As an introduction to Ephesoft, we will first walk you through the user interface and then examine the installation folder. The locations of certain files and folders within the Ephesoft installation are important because an administrator must make changes here to enable some features.
In this chapter, we will examine the following aspects of Ephesoft:
The user interface
The installation folder
After logging in, users can access Ephesoft's features from an automatically hiding menu of navigation items that we will refer to as the side navigation. To display this menu, simply move your mouse cursor to the left-hand side of the browser window.
Ephesoft has organized this side navigation so that administrative features are separate from the common functions that operators use. Operators typically submit batches and review and validate Ephesoft's output, supplying additional information about the document images being processed.
Administrators enable these activities by defining the operations to be performed on each type of batch. Administrators also monitor and control the processing of the batches.
The side navigation provides links to five areas of the system that are commonly used by administrators:
A batch class defines a set of operations that should be performed on the page images that are provided as input. A batch class consists of document types, document fields, batch class fields, e-mail configuration, and workflow/plugin configuration. The Batch Class Management interface allows administrators to create, modify, edit, and delete batch classes.
The batch class management interface displays a list of batch classes. Administrators can open a batch class to configure the following:
Document types: The documents that will be processed in the batch class are configured here. Each document type is described by a distinct set of properties called fields. Rules can be configured to extract information from the document into the fields, thereby automating the process of indexing the document.

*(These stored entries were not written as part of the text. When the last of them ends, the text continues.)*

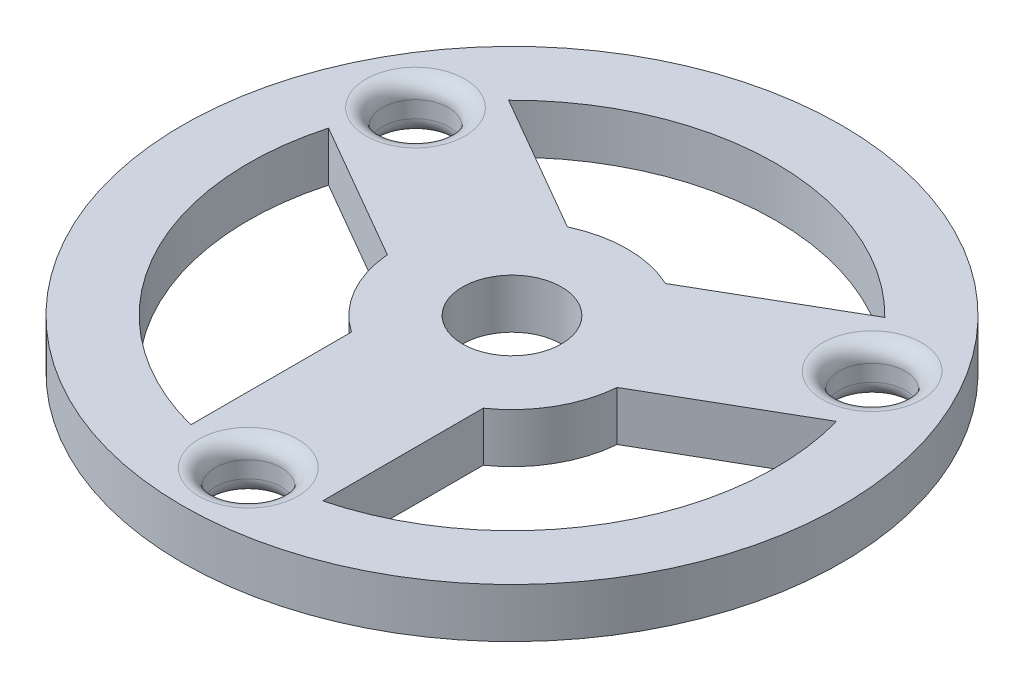
from build123d import *

# Parameters (mm, degrees)
SKETCH1_R           = 10
SKETCH1_R_2         = 1.5
SKETCH1_R_3         = 1
BOSS_EXTRUDE1_DEPTH = 1.5
FILLET1_R           = 0.5


with BuildPart() as part:
    # Sketch1 → Boss-Extrude1 (new body)
    with BuildSketch(Plane(origin=(0, 0, 0), x_dir=(1, 0, 0), z_dir=(0, 1, 0))):
        with Locations(Location((0, 0, 0), (0, 0, 270))):
            Circle(SKETCH1_R)
        with Locations(Location((0, 0, 0), (0, 0, 270))):
            Circle(SKETCH1_R_2, mode=Mode.SUBTRACT)
        with Locations(Location((-6.92820323, 4, 0), (0, 0, 270))):
            Circle(SKETCH1_R_3, mode=Mode.SUBTRACT)
        with Locations(Location((6.92820323, 4, 0), (0, 0, 270))):
            Circle(SKETCH1_R_3, mode=Mode.SUBTRACT)
        with Locations(Location((0, -8, 0), (0, 0, 270))):
            Circle(SKETCH1_R_3, mode=Mode.SUBTRACT)
        with BuildLine():
            Line((-5.708203932, 5.605034154), (-1.487468593, 3.168191469))
            ThreePointArc((-1.487468593, 3.168191469), (0, 3.5), (1.487468593, 3.168191469))
            Line((1.487468593, 3.168191469), (5.708203932, 5.605034154))
            ThreePointArc((5.708203932, 5.605034154), (0, 8), (-5.708203932, 5.605034154))
        make_face(mode=Mode.SUBTRACT)
        with BuildLine():
            Line((2, -2.872281323), (2, -7.745966692))
            ThreePointArc((2, -7.745966692), (6.92820323, -4), (7.708203932, 2.140932539))
            Line((7.708203932, 2.140932539), (3.487468593, -0.295910146))
            ThreePointArc((3.487468593, -0.295910146), (3.031088913, -1.75), (2, -2.872281323))
        make_face(mode=Mode.SUBTRACT)
        with BuildLine():
            Line((-3.487468593, -0.295910146), (-7.708203932, 2.140932539))
            ThreePointArc((-7.708203932, 2.140932539), (-6.92820323, -4), (-2, -7.745966692))
            Line((-2, -7.745966692), (-2, -2.872281323))
            ThreePointArc((-2, -2.872281323), (-3.031088913, -1.75), (-3.487468593, -0.295910146))
        make_face(mode=Mode.SUBTRACT)
    extrude(amount=BOSS_EXTRUDE1_DEPTH)

    # Fillet1
    fillet1_edges = [part.edges().sort_by_distance(p)[0] for p in [
        (6.92820323, 0, -5),
        (6.92820323, 1.5, -5),
        (0, 0, 7),
        (0, 1.5, 7),
        (-6.92820323, 0, -5),
        (-6.92820323, 1.5, -5),
    ]]
    fillet(fillet1_edges, radius=FILLET1_R)


solid = part.part

Modules: Modules are the major steps in the processing of documents. Each module is implemented by a series of plugins.
E-mail configuration: In this portion of the administrative interface, users can provide connection information for an e-mail account, and Ephesoft will process e-mails sent to this address. Ephesoft processes both the e-mail body and the attached documents.
Scanner profiles: This is where administrators can associate one or more scanner configurations with each batch class. These profiles are available in the web scanner.
CMIS import: CMIS is a standard protocol for communicating with document repositories. Ephesoft can use CMIS to monitor a standards-compliant document repository for input.
Batch class fields: Ephesoft can associate information with a batch (the group of page images that are processed together) as a whole. Each piece of information associated with a batch is called a batch class field. Batch class fields are applied to batches and should not be confused with document fields, which contain information that applies to individual documents.
A batch instance is a set of page images processed together. The terms batch and batch instance are usually interchangeable. This area within the administrative interface allows administrators to see the status of batches, reprioritize batches, and restart batches in a previous processing step.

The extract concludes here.